Rolling back to the previous release version should be a single command and only take a few moments. Caches gone funky? Make sure you can flush them all with a single command. Some CDN files seem out of date? Rebuild your CDN content from scratch with a single command.
A good TDD practice is to constantly ask yourself (or better yet, your pair), do you have a test for that? Any manual change to a server should prompt a similar question. How could I automate that? This isn’t to fetishize automation, but to give you complete freedom to change your systems at will. The moment you have a configuration change that does not reside in your SCM, a service enabled by hand, etc., your infrastructure owns you. Every change from that moment on is brittle and you’ve just invited failure to the party.
Embracing a nuke and pave attitude forces you to trust your processes and think of your servers as providing a set of services, not a cozy place to get work done. Nuke and pave means that when a server is acting strangely, you can kill it and redeploy to a brand new instance without worry. Nuke and pave means every service can be constructed from bare metal up, in an automated fashion.
Managing deltas is a suckers game, and will quickly lead to an unknown state. Imagine the pain involved in performing a long list of system patches, system configuration changes and upgrades on every single production instance.

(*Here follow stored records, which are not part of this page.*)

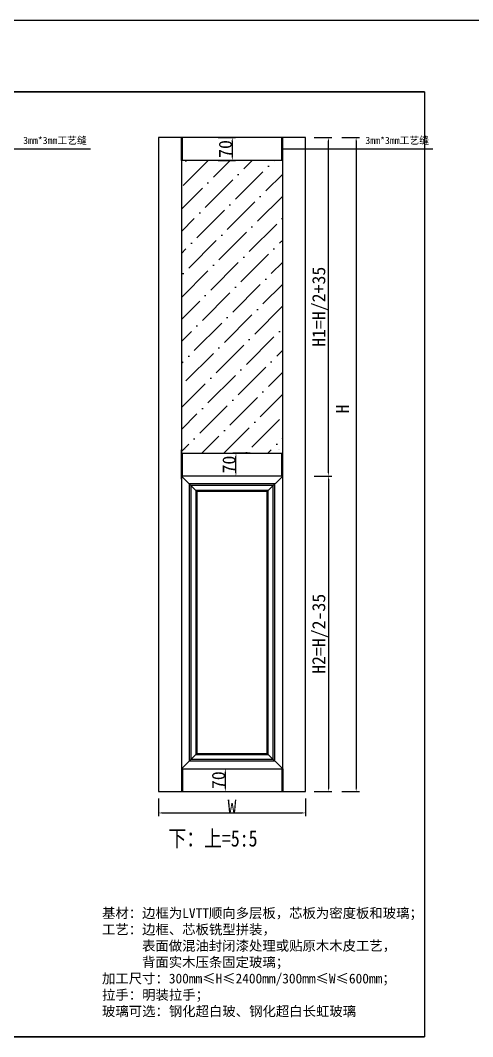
# Model space of a CAD drawing. Header units: millimetres. Extents: x 85186 to 129000, y -77269 to -36327.
# Drawn here: x 101653 to 103037, y -52886 to -49779 of the extents above; entities that cross this region are included whole.
import ezdxf

# ---------------------------------------------------------------- set-up
doc = ezdxf.new("R2010")
doc.units = ezdxf.units.MM
doc.styles.get("Standard").update_dxf_attribs({"font": 'SimSun.ttf'})
doc.styles.add('ZB_宋体', font='SimSun.ttf')
doc.styles.add('宋体', font='SimSun.ttf', dxfattribs={"width": 0.8})
doc.dimstyles.new('客来福标注小', dxfattribs={"dimscale": 20, "dimtxt": 2, "dimasz": 0.5, "dimexe": 0.5, "dimexo": 0, "dimgap": 0.05, "dimtad": 1, "dimdec": 0, "dimzin": 0, "dimdsep": 46, "dimtxsty": 'Standard', "dimcen": 0, "dimclrd": 256, "dimclre": 256, "dimclrt": 256, "dimadec": 0, "dimazin": 0, "dimtfac": 1, "dimtdec": 0, "dimtofl": 0, "dimtmove": 1, "dimatfit": 3, "dimfxl": 2.2, "dimfxlon": 1, "dimtolj": 1, "dimtzin": 0, "dimarcsym": 0})

# ---------------------------------------------------------------- blocks, each defined once
blk = doc.blocks.new('*D3482')
at = {"lineweight": -2, "transparency": 16777216}
for p, q in [((102636.3, -50137.1), (102690.3, -50137.1)), ((102680.3, -50147.1), (102680.3, -52127.1)), ((102636.3, -52137.1), (102690.3, -52137.1))]:
    blk.add_line(p, q, dxfattribs=at)
at = {"transparency": 16777216}
for points in [[(102678.6, -50147.1), (102681.9, -50147.1), (102680.3, -50137.1)], [(102678.6, -52127.1), (102681.9, -52127.1), (102680.3, -52137.1)]]:
    blk.add_solid(points, dxfattribs=at)
at = {"layer": 'Defpoints', "color": 0, "transparency": 16777216}
for p in [(102569.8, -50137.1), (102569.8, -52137.1), (102680.3, -52137.1)]:
    blk.add_point(p, dxfattribs=at)
at = {"transparency": 16777216, "insert": (102638.3, -50967.1), "char_height": 40, "attachment_point": 5, "rotation": 90, "style": 'ZB_宋体'}
blk.add_mtext('\\A1;H', dxfattribs=at)
blk = doc.blocks.new('*D3483')
at = {"lineweight": -2, "transparency": 16777216}
for p, q in [((102075.4, -52158.3), (102075.4, -52212.3)), ((102525.4, -52158.3), (102525.4, -52212.3)), ((102085.4, -52202.3), (102515.4, -52202.3))]:
    blk.add_line(p, q, dxfattribs=at)
at = {"transparency": 16777216}
for points in [[(102085.4, -52200.6), (102085.4, -52204), (102075.4, -52202.3)], [(102515.4, -52200.6), (102515.4, -52204), (102525.4, -52202.3)]]:
    blk.add_solid(points, dxfattribs=at)
at = {"layer": 'Defpoints', "color": 0, "transparency": 16777216}
for p in [(102075.4, -52029.9), (102525.4, -52029.9), (102525.4, -52202.3)]:
    blk.add_point(p, dxfattribs=at)
at = {"transparency": 16777216, "insert": (102300.4, -52181.3), "char_height": 40, "attachment_point": 5}
blk.add_mtext('\\A1;W', dxfattribs=at)
blk = doc.blocks.new('*D3484')
at = {"lineweight": -2, "transparency": 16777216}
for p, q in [((102356.4, -51102.1), (102302.4, -51102.1)), ((102312.4, -51162.1), (102312.4, -51112.1)), ((102356.4, -51172.1), (102302.4, -51172.1))]:
    blk.add_line(p, q, dxfattribs=at)
at = {"transparency": 16777216}
for points in [[(102310.8, -51112.1), (102314.1, -51112.1), (102312.4, -51102.1)], [(102310.8, -51162.1), (102314.1, -51162.1), (102312.4, -51172.1)]]:
    blk.add_solid(points, dxfattribs=at)
at = {"layer": 'Defpoints', "color": 0, "transparency": 16777216}
for p in [(102312.4, -51102.1), (102455.4, -51102.1), (102455.4, -51172.1)]:
    blk.add_point(p, dxfattribs=at)
at = {"transparency": 16777216, "insert": (102291.4, -51137.1), "char_height": 40, "attachment_point": 5, "rotation": 90, "style": 'ZB_宋体'}
blk.add_mtext('\\A1;70', dxfattribs=at)
blk = doc.blocks.new('*D3485')
at = {"lineweight": -2, "transparency": 16777216}
for p, q in [((102551.9, -51172.1), (102605.9, -51172.1)), ((102595.9, -51182.1), (102595.9, -52127.1)), ((102551.9, -52137.1), (102605.9, -52137.1))]:
    blk.add_line(p, q, dxfattribs=at)
at = {"transparency": 16777216}
for points in [[(102594.3, -51182.1), (102597.6, -51182.1), (102595.9, -51172.1)], [(102594.3, -52127.1), (102597.6, -52127.1), (102595.9, -52137.1)]]:
    blk.add_solid(points, dxfattribs=at)
at = {"layer": 'Defpoints', "color": 0, "transparency": 16777216}
for p in [(102465.4, -51172.1), (102525.4, -52137.1), (102595.9, -52137.1)]:
    blk.add_point(p, dxfattribs=at)
at = {"transparency": 16777216, "insert": (102570.6, -51654.6), "char_height": 40, "attachment_point": 5, "rotation": 90, "style": 'ZB_宋体'}
blk.add_mtext('\\A1;H2=H/2-35', dxfattribs=at)
blk = doc.blocks.new('*D3486')
at = {"lineweight": -2, "transparency": 16777216}
for p, q in [((102551.9, -50137.1), (102605.9, -50137.1)), ((102595.9, -51162.1), (102595.9, -50147.1)), ((102551.9, -51172.1), (102605.9, -51172.1))]:
    blk.add_line(p, q, dxfattribs=at)
at = {"transparency": 16777216}
for points in [[(102594.3, -50147.1), (102597.6, -50147.1), (102595.9, -50137.1)], [(102594.3, -51162.1), (102597.6, -51162.1), (102595.9, -51172.1)]]:
    blk.add_solid(points, dxfattribs=at)
at = {"layer": 'Defpoints', "color": 0, "transparency": 16777216}
for p in [(102465.4, -50137.1), (102595.9, -50137.1), (102465.4, -51172.1)]:
    blk.add_point(p, dxfattribs=at)
at = {"transparency": 16777216, "insert": (102570.6, -50654.6), "char_height": 40, "attachment_point": 5, "rotation": 90, "style": 'ZB_宋体'}
blk.add_mtext('\\A1;H1=H/2+35', dxfattribs=at)
blk = doc.blocks.new('*D3489')
at = {"lineweight": -2, "transparency": 16777216}
for p, q in [((102258.4, -50137.1), (102311.2, -50137.1)), ((102301.2, -50147.1), (102301.2, -50197.1)), ((102258.4, -50207.1), (102311.2, -50207.1))]:
    blk.add_line(p, q, dxfattribs=at)
at = {"transparency": 16777216}
for points in [[(102299.5, -50147.1), (102302.9, -50147.1), (102301.2, -50137.1)], [(102299.5, -50197.1), (102302.9, -50197.1), (102301.2, -50207.1)]]:
    blk.add_solid(points, dxfattribs=at)
at = {"layer": 'Defpoints', "color": 0, "transparency": 16777216}
for p in [(102258.4, -50137.1), (102258.4, -50207.1), (102301.2, -50207.1)]:
    blk.add_point(p, dxfattribs=at)
at = {"transparency": 16777216, "insert": (102280.2, -50172.1), "char_height": 40, "attachment_point": 5, "rotation": 90}
blk.add_mtext('\\A1;70', dxfattribs=at)
blk = doc.blocks.new('*D3490')
at = {"lineweight": -2, "transparency": 16777216}
for p, q in [((102236, -52067.1), (102290, -52067.1)), ((102280, -52127.1), (102280, -52077.1)), ((102236, -52137.1), (102290, -52137.1))]:
    blk.add_line(p, q, dxfattribs=at)
at = {"transparency": 16777216}
for points in [[(102278.3, -52077.1), (102281.7, -52077.1), (102280, -52067.1)], [(102278.3, -52127.1), (102281.7, -52127.1), (102280, -52137.1)]]:
    blk.add_solid(points, dxfattribs=at)
at = {"layer": 'Defpoints', "color": 0, "transparency": 16777216}
for p in [(102224.9, -52067.1), (102280, -52067.1), (102224.9, -52137.1)]:
    blk.add_point(p, dxfattribs=at)
at = {"transparency": 16777216, "insert": (102259, -52102.1), "char_height": 40, "attachment_point": 5, "rotation": 90}
blk.add_mtext('\\A1;70', dxfattribs=at)

msp = doc.modelspace()

# ---------------------------------------------------------------- hatches: boundary and pattern name
h = msp.add_hatch()
h.set_pattern_fill('ANSI36', color=4, scale=15)
h.set_pattern_definition([(45, (-11000.29, -80457.38), (25.25697, 92.608891), [119.0625, -23.8125, 0, -23.8125])])
h.paths.add_polyline_path([(101408.071, -51267.11), (101408.071, -50207.11), (101098.071, -50207.11), (101098.071, -51267.11)])
h.paths.add_polyline_path([(102455.406, -51102.11), (102455.406, -50207.11), (102145.406, -50207.11), (102145.406, -51102.11)])

# ---------------------------------------------------------------- linework, layer by layer
for p, q in [((85318.615, -49778.748), (128999.726, -49778.748)), ((101182.598, -49997.685), (102327.73, -49997.685)), ((102327.73, -49997.685), (101514.061, -49997.685)), ((102889.813, -49997.685), (102327.73, -49997.685)), ((102889.813, -49997.685), (102327.73, -49997.685)), ((102525.406, -50137.11), (102075.406, -50137.11)), ((102075.406, -50137.11), (102075.406, -51102.11)), ((102145.406, -50207.11), (102145.406, -50137.11)), ((102148.406, -50207.11), (102148.406, -50137.11)), ((102452.406, -50207.11), (102452.406, -50137.11)), ((102455.406, -50207.11), (102455.406, -50137.11)), ((102525.406, -51102.11), (102525.406, -50137.11)), ((102075.406, -51102.11), (102075.406, -52137.11)), ((102145.406, -51182.11), (102145.406, -51092.11)), ((102145.406, -51172.11), (102145.406, -51102.11)), ((102148.406, -51172.11), (102148.406, -51102.11)), ((102155.406, -51092.11), (102155.406, -51092.11)), ((102158.406, -51092.11), (102158.406, -51092.11)), ((102442.406, -51092.11), (102442.406, -51092.11)), ((102445.406, -51092.11), (102445.406, -51092.11)), ((102452.406, -51172.11), (102452.406, -51102.11)), ((102455.406, -51182.11), (102455.406, -51092.11)), ((102455.406, -51172.11), (102455.406, -51102.11)), ((102525.406, -52137.11), (102525.406, -51102.11)), ((102192.406, -51219.11), (102145.406, -51172.11)), ((102408.406, -51219.11), (102455.406, -51172.11)), ((102192.406, -52020.11), (102145.406, -52067.11)), ((102408.406, -52020.11), (102455.406, -52067.11)), ((102452.406, -52067.11), (102452.406, -52137.11)), ((102455.406, -52067.11), (102455.406, -52137.11)), ((102075.406, -52137.11), (102525.406, -52137.11)), ((99872.715, -52886.379), (102889.813, -52886.379))]:
    msp.add_line(p, q)
at = {"color": 0}
for p, q in [((102889.813, -49997.685), (99872.715, -49997.685)), ((99872.715, -49997.685), (102889.813, -49997.685)), ((102889.813, -49997.685), (99872.715, -49997.685)), ((102145.406, -52067.11), (102145.406, -52137.11)), ((102148.406, -52067.11), (102148.406, -52137.11))]:
    msp.add_line(p, q, dxfattribs=at)
msp.add_lwpolyline([(99872.715, -49997.685), (102889.813, -49997.685), (102889.813, -52886.379), (99872.715, -52886.379)], close=True, dxfattribs=at)
for points in [[(102455.406, -51102.11), (102455.406, -50207.11), (102145.406, -50207.11), (102145.406, -51102.11)], [(102455.406, -52067.11), (102455.406, -51172.11), (102145.406, -51172.11), (102145.406, -52067.11)], [(102408.406, -52020.11), (102408.406, -51219.11), (102192.406, -51219.11), (102192.406, -52020.11)]]:
    msp.add_lwpolyline(points, close=True)
at = {"color": 252}
for points in [[(102431.406, -52043.11), (102431.406, -51196.11), (102169.406, -51196.11), (102169.406, -52043.11)], [(102426.406, -52038.11), (102426.406, -51201.11), (102174.406, -51201.11), (102174.406, -52038.11)], [(102411.406, -52023.11), (102411.406, -51216.11), (102189.406, -51216.11), (102189.406, -52023.11)]]:
    msp.add_lwpolyline(points, close=True, dxfattribs=at)

# ---------------------------------------------------------------- texts
at = {"lineweight": 25, "attachment_point": 1, "style": 'ZB_宋体'}
for s, insert, char_height, width in [('3mm*3mm工艺缝', (101661.254, -50134.834), 22, 652.72448), ('3mm*3mm工艺缝', (102708.589, -50134.834), 22, 652.72448), ('基材：边框为LVTT顺向多层板，芯板为密度板和玻璃；\\P工艺：边框、芯板铣型拼装，\\P      表面做混油封闭漆处理或贴原木木皮工艺，\\P      背面实木压条固定玻璃；\\P加工尺寸：300mm≤H≤2400mm/300mm≤W≤600mm；\\P拉手：明装拉手；\\P玻璃可选：钢化超白玻、钢化超白长虹玻璃', (101902.564, -52493.484), 30, 1067.75303)]:
    msp.add_mtext(s, dxfattribs=dict(at, insert=insert, char_height=char_height, width=width))
at = {"color": 0, "insert": (102105.897, -52255.114), "char_height": 50, "width": 365.74022, "attachment_point": 1, "style": '宋体'}
msp.add_mtext('下：上=5:5', dxfattribs=at)

# ---------------------------------------------------------------- dimensions: what is measured, and where the dimension line sits
at = {"color": 0}
for base, p1, p2, picture, middle in [((102301.216, -50207.11), (102258.428, -50137.11), (102258.428, -50207.11), '*D3489', (102280.216, -50172.11)), ((102279.999, -52067.11), (102224.933, -52137.11), (102224.933, -52067.11), '*D3490', (102258.999, -52102.11))]:
    dim = msp.add_linear_dim(base=base, p1=p1, p2=p2, angle=90, dimstyle='客来福标注小', dxfattribs=at)
    dim.commit()
    dim.dimension.update_dxf_attribs({"geometry": picture, "text_midpoint": middle})
for base, p2, text, picture, middle in [((102595.92, -50137.11), (102465.406, -50137.11), 'H1=H/2+35', '*D3486', (102570.563, -50654.61)), ((102595.92, -52137.11), (102525.406, -52137.11), 'H2=H/2-35', '*D3485', (102570.563, -51654.61))]:
    dim = msp.add_linear_dim(base=base, p1=(102465.406, -51172.11), p2=p2, angle=90, text=text, dimstyle='客来福标注小', override={"dimtxsty": 'ZB_宋体'}, dxfattribs=at)
    dim.commit()
    dim.dimension.update_dxf_attribs({"geometry": picture, "text_midpoint": middle})
dim = msp.add_linear_dim(base=(102680.274, -52137.11), p1=(102569.793, -50137.11), p2=(102569.793, -52137.11), angle=90, text='H', dimstyle='客来福标注小', override={"dimtxsty": 'ZB_宋体'}, dxfattribs=at)
dim.commit()
dim.dimension.update_dxf_attribs({"geometry": '*D3482', "text_midpoint": (102659.274, -50967.11), "dimtype": 160})
dim = msp.add_linear_dim(base=(102312.444, -51102.11), p1=(102455.406, -51172.11), p2=(102455.406, -51102.11), angle=90, dimstyle='客来福标注小', override={"dimtxsty": 'ZB_宋体'}, dxfattribs=at)
dim.commit()
dim.dimension.update_dxf_attribs({"geometry": '*D3484', "text_midpoint": (102291.444, -51137.11)})
dim = msp.add_linear_dim(base=(102525.406, -52202.284), p1=(102075.406, -52029.902), p2=(102525.406, -52029.902), text='W', dimstyle='客来福标注小', dxfattribs=at)
dim.commit()
dim.dimension.update_dxf_attribs({"geometry": '*D3483', "text_midpoint": (102300.406, -52181.284)})

# ---------------------------------------------------------------- leaders
for points in [[(101408.071, -50172.11), (101867.37, -50172.11)], [(102455.406, -50172.11), (102914.705, -50172.11)]]:
    msp.add_leader(points, dimstyle='客来福标注小', override={"dimgap": 0.05, "dimtad": 0, "dimfxl": 5, "dimarcsym": 1}, dxfattribs=at)

doc.saveas('drawing.dxf')

Now imagine shutting down an outdated production VM and starting up the new, patched and upgraded VM and deploying to it. The latter provides a known state, faster and provides rollback capability.
Once the version is vetted by the appropriate parties, this version may progress out to production.
I’d love to hear what important rules you have to add to the list. No matter how “killer” your next feature is, it won’t do much good if you can’t release it. The rules stated here are a good place to start no matter where you are in your path toward automation. Chris Wanstrath recently wrote about improvements he made to to the deploy process for github.com showing how efficient your workflow can be using git. Imagine how fast you can get things done when you know your deploy process only takes 14 seconds!